Nevers acknowledged that automakers have met and exceeded the fuel economy standards so far.

“For the first couple years, things were going great,” he said. “Even our internal modeling showed that the fleet could meet the standards out to 2020 standards. We all knew that there would be overcompliance.”

That’s changed, he said. The drop in fuel prices has prompted consumers to buy more gas-guzzling trucks. Data released by NHTSA show automakers falling behind the fleetwide fuel economy target for 2016, although they can still meet the standards using credits banked from earlier years of overcompliance.

Flexibilities within the program, like credits for flex-fuel vehicles, are also gradually getting restricted, Nevers argued. Continuing record high sales are “not a given” either, he said.

“It doesn’t look good,” he said.

Last week, Mitch Bainwol, president and CEO of the Alliance of Automobile Manufacturers, called concerns that the standards would be rolled back “fallacious.” He said automakers were seeking to adjust the timing of the requirements, not the ultimate targets.

Environmental advocates fear any change to the standards would mean more pollution and fuel use.

Academics have seized on Trump’s reconsideration of the rules to propose alternative regulations.

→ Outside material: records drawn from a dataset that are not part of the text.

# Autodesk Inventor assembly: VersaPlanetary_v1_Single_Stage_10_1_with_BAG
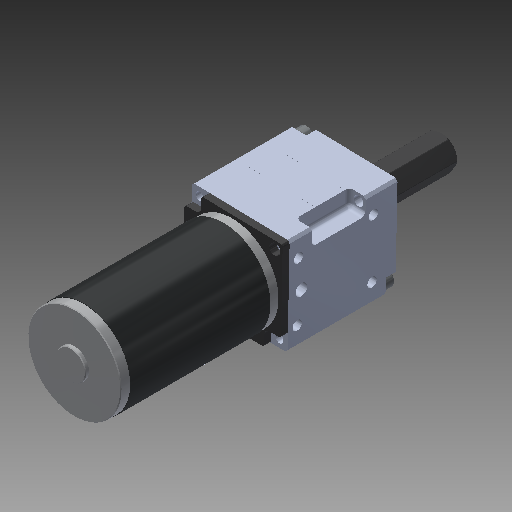
[picture p0: Inventor's stored thumbnail of the model, 512x512]
Saved by Autodesk Inventor 2019 (Build 230136000, 136)
## iProperties
Created: 2015-01-07
Part Number: VersaPlanetary_v1_Single_Stage_10_1_with_BAG
Description: STEP AP214
Document SubType Name: Assembly
Designer: josh
Mass: 158.31 g
Surface Area: 575.499 cm^2
Volume: 158.31 cm^3
Density: 1 g/cm^3
Sending System: SolidWorks 2014
Preprocessor: SwSTEP 2.0
Title: VersaPlanetary 1-Stage with BAG Motor.STEP
Revision Number: ANY
## Documents named in this file (10)
- D:\Synthesis Robots\Epsilon\Epsilon Grabbers\Bag Motor parts\VersaPlanetary_v1_Single_Stage_10_1_with_BAG.iam
- D:\Synthesis Robots\Epsilon\Epsilon Grabbers\Bag Motor parts\217-2742-001 Rev4.ipt
- D:\Synthesis Robots\Epsilon\Epsilon Grabbers\Bag Motor parts\217-2625-002 Rev1.ipt
- D:\Synthesis Robots\Epsilon\Epsilon Grabbers\Bag Motor parts\217-2625-018 Rev1_98541A410.ipt
- D:\Synthesis Robots\Epsilon\Epsilon Grabbers\Bag Motor parts\Ouput Shafts^VersaPlanetary_500 Hex.iam
- D:\Synthesis Robots\Epsilon\Epsilon Grabbers\Bag Motor parts\217-3564-000 Rev1_BAG.iam
- D:\Synthesis Robots\Epsilon\Epsilon Grabbers\Bag Motor parts\Input Housing^VersaPlanetary.iam
- D:\Synthesis Robots\Epsilon\Epsilon Grabbers\Bag Motor parts\217-2816 Rev1.iam
- D:\Synthesis Robots\Epsilon\Epsilon Grabbers\Bag Motor parts\SSA_SSA0832-1250ZC.ipt
- D:\Synthesis Robots\Epsilon\Epsilon Grabbers\Bag Motor parts\VersaPlanetary_7_1_Gear_Kit_217-3102 (1).iam
## Components (11 placed, 11 different names)
1. 217-2742-001 Rev4_1 — Mate:14, Flush:2, Mate:20, Mate:21
2. 217-2742-001 Rev4_2 — Mate:18, Flush:1
3. 217-2625-002 Rev1_3 — Mate:2, Mate:3, Mate:9, Mate:10, Mate:11, Mate:12, Mate:13, Mate:14, Mate:18, Flush:1, Flush:2, Mate:19
4. 217-2625-018 Rev1_98541A410_4 — Mate:19
5. Ouput Shafts^VersaPlanetary_500 Hex_6 [sub-assembly] — Mate:20, Mate:21
6. 217-3564-000 Rev1_BAG_7 [sub-assembly] — Mate:1, Mate:15, Mate:16, Mate:17
7. Input Housing^VersaPlanetary_8 [sub-assembly] — Mate:1, Mate:6, Mate:7, Mate:8, Mate:15, Mate:16, Mate:17
8. 217-2816 Rev1_9 [sub-assembly] — Mate:4, Mate:5, Mate:6, Mate:13
9. SSA_SSA0832-1250ZC_11 — Mate:5, Mate:7, Mate:9, Mate:12
10. SSA_SSA0832-1250ZC_12 — Mate:4, Mate:8, Mate:10, Mate:11
11. VersaPlanetary_7_1_Gear_Kit_217-3102 (1):1 [sub-assembly] — Mate:2, Mate:3
## Relationships (23: Mate 21, Flush 2)
- Mate:1: 217-3564-000 Rev1_BAG_7 ↔ Input Housing^VersaPlanetary_8
- Mate:2: 217-2625-002 Rev1_3 ↔ VersaPlanetary_7_1_Gear_Kit_217-3102 (1):1
- Mate:3: 217-2625-002 Rev1_3 ↔ VersaPlanetary_7_1_Gear_Kit_217-3102 (1):1
- Mate:4: 217-2816 Rev1_9 ↔ SSA_SSA0832-1250ZC_12
- Mate:5: 217-2816 Rev1_9 ↔ SSA_SSA0832-1250ZC_11
- Mate:6: Input Housing^VersaPlanetary_8 ↔ 217-2816 Rev1_9
- Mate:7: Input Housing^VersaPlanetary_8 ↔ SSA_SSA0832-1250ZC_11
- Mate:8: Input Housing^VersaPlanetary_8 ↔ SSA_SSA0832-1250ZC_12
- Mate:9: 217-2625-002 Rev1_3 ↔ SSA_SSA0832-1250ZC_11
- Mate:10: 217-2625-002 Rev1_3 ↔ SSA_SSA0832-1250ZC_12
- Mate:11: 217-2625-002 Rev1_3 ↔ SSA_SSA0832-1250ZC_12
- Mate:12: 217-2625-002 Rev1_3 ↔ SSA_SSA0832-1250ZC_11
- Mate:13: 217-2625-002 Rev1_3 ↔ 217-2816 Rev1_9
- Mate:14: 217-2742-001 Rev4_1 ↔ 217-2625-002 Rev1_3
- Mate:15: 217-3564-000 Rev1_BAG_7 ↔ Input Housing^VersaPlanetary_8
- Mate:16: 217-3564-000 Rev1_BAG_7 ↔ Input Housing^VersaPlanetary_8
- Mate:17: 217-3564-000 Rev1_BAG_7 ↔ Input Housing^VersaPlanetary_8
- Mate:18: 217-2742-001 Rev4_2 ↔ 217-2625-002 Rev1_3
- Flush:1: 217-2742-001 Rev4_2 ↔ 217-2625-002 Rev1_3
- Flush:2: 217-2742-001 Rev4_1 ↔ 217-2625-002 Rev1_3
- Mate:19: 217-2625-002 Rev1_3 ↔ 217-2625-018 Rev1_98541A410_4
- Mate:20: 217-2742-001 Rev4_1 ↔ Ouput Shafts^VersaPlanetary_500 Hex_6
- Mate:21: 217-2742-001 Rev4_1 ↔ Ouput Shafts^VersaPlanetary_500 Hex_6

Nevers was speaking at an event held by the libertarian R Street Institute promoting “clean tax cuts” for automakers who reduce their emissions. The proposal by Ian Adams would grant corporate tax cuts to automakers who overcomply with the current regulations.

“We want to stick to things that are a positive feedback loop rather than a negative feedback loop,” said Rod Richardson, the president of the Grace Richardson Fund. “Whether [the climate change problem] does or does not exist, you could still address it with benefits to the economy with supply-side economics.”

Former Obama officials have proposed a cap-and-trade system for vehicle emissions (Climatewire, March 28).